Se trata de un monumento muy conocido, quizás más que el propio Parque de Connemara, al que acuden muchos turistas, si bien su interés quizás sea mayor en cuanto a la imagen de postal que ofrece, con sus muros de piedra gris integrados en un entorno idílico, que por su importancia histórica o arquitectónica. Y es que, pese a su apariencia vetusta, estamos hablando de un castillo y una iglesia neogótica construidos a mediados del siglo XIX por un rico personaje inglés para su esposa irlandesa, que murió al contraer unas fiebres durante un viaje a Egipto. Abandonado al cabo de un tiempo, el lugar fue convertido en una abadía de monjas benedictinas y posteriormente en un internado para señoritas que se cerró en 2010.
Antes de llegar, ya desde la propia carretera se puede contemplar una sugerente panorámica, aunque queda un poco lejana y cuando capté la imagen, por la tarde, la luz había cambiado y el paisaje estaba más oscuro.
Si la climatología acompaña, como era el caso, el paraje rebosa encanto, no se puede negar, con lo cual la tan solicitada foto desde el exterior queda muy resultona y, además, es gratuita. Si se quiere más cercana y con otros decorados, ya no.
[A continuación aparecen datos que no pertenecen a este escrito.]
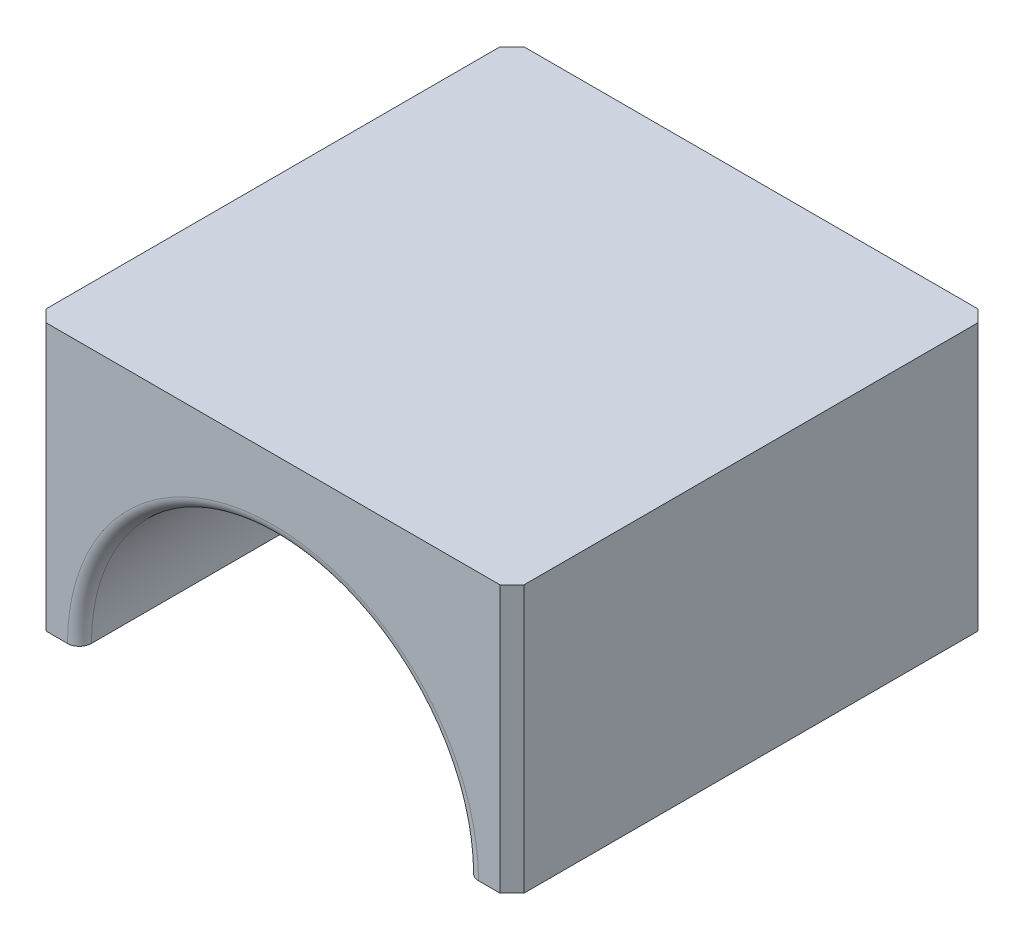
ISO-10303-21;
HEADER;
FILE_DESCRIPTION(('STEP AP214'),'2;1');
FILE_NAME('part.step','',(''),(''),'','','');
FILE_SCHEMA(('AUTOMOTIVE_DESIGN { 1 0 10303 214 1 1 1 1 }'));
ENDSEC;
DATA;
#1=APPLICATION_CONTEXT('core data for automotive mechanical design processes');
#2=APPLICATION_PROTOCOL_DEFINITION('international standard','automotive_design',2000,#1);
#3=PRODUCT_CONTEXT('',#1,'mechanical');
#4=PRODUCT('Part','Part','',(#3));
#5=PRODUCT_RELATED_PRODUCT_CATEGORY('part','',(#4));
#6=PRODUCT_DEFINITION_FORMATION('','',#4);
#7=PRODUCT_DEFINITION_CONTEXT('part definition',#1,'design');
#8=PRODUCT_DEFINITION('design','',#6,#7);
#9=PRODUCT_DEFINITION_SHAPE('','',#8);
#10=(LENGTH_UNIT() NAMED_UNIT(*) SI_UNIT(.MILLI.,.METRE.));
#11=(NAMED_UNIT(*) PLANE_ANGLE_UNIT() SI_UNIT($,.RADIAN.));
#12=(NAMED_UNIT(*) SI_UNIT($,.STERADIAN.) SOLID_ANGLE_UNIT());
#13=UNCERTAINTY_MEASURE_WITH_UNIT(LENGTH_MEASURE(1.E-05),#10,'distance_accuracy_value','');
#14=(GEOMETRIC_REPRESENTATION_CONTEXT(3) GLOBAL_UNCERTAINTY_ASSIGNED_CONTEXT((#13)) GLOBAL_UNIT_ASSIGNED_CONTEXT((#10,
#11,#12)) REPRESENTATION_CONTEXT('',''));
#15=CARTESIAN_POINT('',(0.,0.,0.));
#16=DIRECTION('',(0.,0.,1.));
#17=DIRECTION('',(1.,0.,0.));
#18=AXIS2_PLACEMENT_3D('',#15,#16,#17);
#19=CARTESIAN_POINT('',(10.,1.5875,20.));
#20=DIRECTION('',(-1.,0.,0.));
#21=DIRECTION('',(0.,-1.,0.));
#22=AXIS2_PLACEMENT_3D('',#19,#20,#21);
#23=PLANE('',#22);
#24=DIRECTION('',(0.,0.,-1.));
#25=VECTOR('',#24,1.);
#26=CARTESIAN_POINT('',(10.,1.5875,20.));
#27=LINE('',#26,#25);
#28=CARTESIAN_POINT('',(10.,1.5875,19.5));
#29=VERTEX_POINT('',#28);
#30=CARTESIAN_POINT('',(10.,1.5875,0.500000000000004));
#31=VERTEX_POINT('',#30);
#32=EDGE_CURVE('E156',#29,#31,#27,.T.);
#33=ORIENTED_EDGE('',*,*,#32,.F.);
#34=DIRECTION('',(0.,-1.,0.));
#35=VECTOR('',#34,1.);
#36=CARTESIAN_POINT('',(9.99999999999999,-9.5875,19.5));
#37=LINE('',#36,#35);
#38=CARTESIAN_POINT('',(10.,-9.5875,19.5));
#39=VERTEX_POINT('',#38);
#40=EDGE_CURVE('E62',#29,#39,#37,.T.);
#41=ORIENTED_EDGE('',*,*,#40,.T.);
#42=DIRECTION('',(0.,0.,-1.));
#43=VECTOR('',#42,1.);
#44=CARTESIAN_POINT('',(10.,-9.5875,20.));
#45=LINE('',#44,#43);
#46=CARTESIAN_POINT('',(10.,-9.5875,0.500000000000004));
#47=VERTEX_POINT('',#46);
#48=EDGE_CURVE('E150',#39,#47,#45,.T.);
#49=ORIENTED_EDGE('',*,*,#48,.T.);
#50=DIRECTION('',(0.,1.,0.));
#51=VECTOR('',#50,1.);
#52=CARTESIAN_POINT('',(10.,1.5875,0.500000000000004));
#53=LINE('',#52,#51);
#54=EDGE_CURVE('E200',#47,#31,#53,.T.);
#55=ORIENTED_EDGE('',*,*,#54,.T.);
#56=EDGE_LOOP('',(#33,#41,#49,#55));
#57=FACE_BOUND('',#56,.T.);
#58=ADVANCED_FACE('F40',(#57),#23,.F.);
#59=CARTESIAN_POINT('',(-10.,1.5875,20.));
#60=DIRECTION('',(0.,-1.,0.));
#61=DIRECTION('',(0.,0.,-1.));
#62=AXIS2_PLACEMENT_3D('',#59,#60,#61);
#63=PLANE('',#62);
#64=DIRECTION('',(0.,0.,-1.));
#65=VECTOR('',#64,1.);
#66=CARTESIAN_POINT('',(-10.,1.5875,20.));
#67=LINE('',#66,#65);
#68=CARTESIAN_POINT('',(-10.,1.5875,19.5));
#69=VERTEX_POINT('',#68);
#70=CARTESIAN_POINT('',(-10.,1.5875,0.500000000000004));
#71=VERTEX_POINT('',#70);
#72=EDGE_CURVE('E160',#69,#71,#67,.T.);
#73=ORIENTED_EDGE('',*,*,#72,.F.);
#74=DIRECTION('',(0.707106781186548,0.,0.707106781186548));
#75=VECTOR('',#74,1.);
#76=CARTESIAN_POINT('',(-9.5,1.5875,20.));
#77=LINE('',#76,#75);
#78=CARTESIAN_POINT('',(-9.5,1.5875,20.));
#79=VERTEX_POINT('',#78);
#80=EDGE_CURVE('E194',#69,#79,#77,.T.);
#81=ORIENTED_EDGE('',*,*,#80,.T.);
#82=DIRECTION('',(-1.,0.,0.));
#83=VECTOR('',#82,1.);
#84=CARTESIAN_POINT('',(-10.,1.5875,20.));
#85=LINE('',#84,#83);
#86=CARTESIAN_POINT('',(9.5,1.5875,20.));
#87=VERTEX_POINT('',#86);
#88=EDGE_CURVE('E212',#87,#79,#85,.T.);
#89=ORIENTED_EDGE('',*,*,#88,.F.);
#90=DIRECTION('',(0.707106781186548,0.,-0.707106781186547));
#91=VECTOR('',#90,1.);
#92=CARTESIAN_POINT('',(9.5,1.5875,20.));
#93=LINE('',#92,#91);
#94=EDGE_CURVE('E190',#87,#29,#93,.T.);
#95=ORIENTED_EDGE('',*,*,#94,.T.);
#96=ORIENTED_EDGE('',*,*,#32,.T.);
#97=DIRECTION('',(0.707106781186551,0.,0.707106781186545));
#98=VECTOR('',#97,1.);
#99=CARTESIAN_POINT('',(10.,1.5875,0.500000000000004));
#100=LINE('',#99,#98);
#101=CARTESIAN_POINT('',(9.49999999999999,1.5875,0.));
#102=VERTEX_POINT('',#101);
#103=EDGE_CURVE('E188',#31,#102,#100,.F.);
#104=ORIENTED_EDGE('',*,*,#103,.T.);
#105=DIRECTION('',(-1.,0.,0.));
#106=VECTOR('',#105,1.);
#107=CARTESIAN_POINT('',(-10.,1.5875,0.));
#108=LINE('',#107,#106);
#109=CARTESIAN_POINT('',(-9.49999999999999,1.5875,0.));
#110=VERTEX_POINT('',#109);
#111=EDGE_CURVE('E226',#102,#110,#108,.T.);
#112=ORIENTED_EDGE('',*,*,#111,.T.);
#113=DIRECTION('',(0.70710678118655,0.,-0.707106781186545));
#114=VECTOR('',#113,1.);
#115=CARTESIAN_POINT('',(-10.,1.5875,0.500000000000004));
#116=LINE('',#115,#114);
#117=EDGE_CURVE('E192',#110,#71,#116,.F.);
#118=ORIENTED_EDGE('',*,*,#117,.T.);
#119=EDGE_LOOP('',(#73,#81,#89,#95,#96,#104,#112,#118));
#120=FACE_BOUND('',#119,.T.);
#121=ADVANCED_FACE('F207',(#120),#63,.F.);
#122=CARTESIAN_POINT('',(-10.,-1.5875,20.));
#123=DIRECTION('',(1.,0.,0.));
#124=DIRECTION('',(0.,0.,-1.));
#125=AXIS2_PLACEMENT_3D('',#122,#123,#124);
#126=PLANE('',#125);
#127=DIRECTION('',(0.,0.,-1.));
#128=VECTOR('',#127,1.);
#129=CARTESIAN_POINT('',(-10.,-9.5875,20.));
#130=LINE('',#129,#128);
#131=CARTESIAN_POINT('',(-10.,-9.5875,19.5));
#132=VERTEX_POINT('',#131);
#133=CARTESIAN_POINT('',(-10.,-9.5875,0.500000000000004));
#134=VERTEX_POINT('',#133);
#135=EDGE_CURVE('E233',#132,#134,#130,.T.);
#136=ORIENTED_EDGE('',*,*,#135,.F.);
#137=DIRECTION('',(0.,1.,0.));
#138=VECTOR('',#137,1.);
#139=CARTESIAN_POINT('',(-10.,1.5875,19.5));
#140=LINE('',#139,#138);
#141=EDGE_CURVE('E186',#132,#69,#140,.T.);
#142=ORIENTED_EDGE('',*,*,#141,.T.);
#143=ORIENTED_EDGE('',*,*,#72,.T.);
#144=DIRECTION('',(0.,-1.,0.));
#145=VECTOR('',#144,1.);
#146=CARTESIAN_POINT('',(-10.,-1.5875,0.500000000000004));
#147=LINE('',#146,#145);
#148=EDGE_CURVE('E183',#71,#134,#147,.T.);
#149=ORIENTED_EDGE('',*,*,#148,.T.);
#150=EDGE_LOOP('',(#136,#142,#143,#149));
#151=FACE_BOUND('',#150,.T.);
#152=ADVANCED_FACE('F239',(#151),#126,.F.);
#153=CARTESIAN_POINT('',(-10.,-9.5875,20.));
#154=DIRECTION('',(0.,1.,0.));
#155=DIRECTION('',(0.,0.,1.));
#156=AXIS2_PLACEMENT_3D('',#153,#154,#155);
#157=PLANE('',#156);
#158=DIRECTION('',(1.,0.,0.));
#159=VECTOR('',#158,1.);
#160=CARTESIAN_POINT('',(-10.,-9.5875,20.));
#161=LINE('',#160,#159);
#162=CARTESIAN_POINT('',(-9.5,-9.5875,20.));
#163=VERTEX_POINT('',#162);
#164=CARTESIAN_POINT('',(-8.6,-9.5875,20.));
#165=VERTEX_POINT('',#164);
#166=EDGE_CURVE('E220',#163,#165,#161,.T.);
#167=ORIENTED_EDGE('',*,*,#166,.F.);
#168=DIRECTION('',(-0.707106781186548,0.,-0.707106781186548));
#169=VECTOR('',#168,1.);
#170=CARTESIAN_POINT('',(-9.5,-9.5875,20.));
#171=LINE('',#170,#169);
#172=EDGE_CURVE('E181',#163,#132,#171,.T.);
#173=ORIENTED_EDGE('',*,*,#172,.T.);
#174=ORIENTED_EDGE('',*,*,#135,.T.);
#175=DIRECTION('',(-0.70710678118655,0.,0.707106781186545));
#176=VECTOR('',#175,1.);
#177=CARTESIAN_POINT('',(-10.,-9.5875,0.500000000000004));
#178=LINE('',#177,#176);
#179=CARTESIAN_POINT('',(-9.49999999999999,-9.5875,0.));
#180=VERTEX_POINT('',#179);
#181=EDGE_CURVE('E179',#134,#180,#178,.F.);
#182=ORIENTED_EDGE('',*,*,#181,.T.);
#183=DIRECTION('',(1.,0.,0.));
#184=VECTOR('',#183,1.);
#185=CARTESIAN_POINT('',(-10.,-9.5875,0.));
#186=LINE('',#185,#184);
#187=CARTESIAN_POINT('',(-8.6,-9.5875,0.));
#188=VERTEX_POINT('',#187);
#189=EDGE_CURVE('E228',#180,#188,#186,.T.);
#190=ORIENTED_EDGE('',*,*,#189,.T.);
#191=CARTESIAN_POINT('',(-8.6,-9.5875,0.5));
#192=DIRECTION('',(0.,1.,0.));
#193=DIRECTION('',(0.,0.,1.));
#194=AXIS2_PLACEMENT_3D('',#191,#192,#193);
#195=CIRCLE('',#194,0.5);
#196=CARTESIAN_POINT('',(-8.1,-9.5875,0.5));
#197=VERTEX_POINT('',#196);
#198=EDGE_CURVE('E169',#188,#197,#195,.F.);
#199=ORIENTED_EDGE('',*,*,#198,.T.);
#200=DIRECTION('',(0.,0.,-1.));
#201=VECTOR('',#200,1.);
#202=CARTESIAN_POINT('',(-8.1,-9.5875,20.));
#203=LINE('',#202,#201);
#204=CARTESIAN_POINT('',(-8.1,-9.5875,19.5));
#205=VERTEX_POINT('',#204);
#206=EDGE_CURVE('E149',#205,#197,#203,.T.);
#207=ORIENTED_EDGE('',*,*,#206,.F.);
#208=CARTESIAN_POINT('',(-8.6,-9.5875,19.5));
#209=DIRECTION('',(0.,1.,0.));
#210=DIRECTION('',(0.,0.,1.));
#211=AXIS2_PLACEMENT_3D('',#208,#209,#210);
#212=CIRCLE('',#211,0.5);
#213=EDGE_CURVE('E155',#205,#165,#212,.F.);
#214=ORIENTED_EDGE('',*,*,#213,.T.);
#215=EDGE_LOOP('',(#167,#173,#174,#182,#190,#199,#207,#214));
#216=FACE_BOUND('',#215,.T.);
#217=ADVANCED_FACE('F249',(#216),#157,.F.);
#218=CARTESIAN_POINT('',(0.,-9.5875,20.));
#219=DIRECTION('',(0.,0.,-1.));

Y es que hay que pagar para adentrarse en la propiedad y visitar el interior de los edificios y los jardines victorianos, que se encuentran algo retirados del edificio principal, a unos dos kilómetros. Ignoro lo que cuesta, pues lo llevábamos incluido, aunque supongo que no será barato, dados los precios que se estilan en este país; y eso desanima a mucha gente, con razón.
El interior de la mansión no merece demasiado la pena, si bien presenta algunos salones decorados con muebles de época, incluyendo un comedor en cuya mesa se expone la vajilla que se utilizaba para las cenas de gala, a la que supuestamente acudían miembros de la realeza británica. En fin, nada del otro mundo. Lo mejor, el entorno con el bosque y el lago.
A los jardines se llega caminando o tomando un autobús gratuito (no faltaba más). Están muy bien cuidados, son amplios y agradables, pese a que no me pareció que estuvieran en su mejor y más colorido momento; al menos, en otros las flores me gustaron bastante más. Eso sí, las vistas de los bosques en que se ubican son muy bonitas.
No obstante, de lo que más disfruté fue de la corta caminata que mi amiga y yo hicimos por el sendero que atraviesa el bosque, una de las pocas masas arboladas de la zona, vislumbrado las orillas de los dos lagos, que componen un paisaje sumamente apacible. Merece la pena olvidarse del bus para regresar desde los jardines hasta el castillo, ya que, además, es cuesta abajo.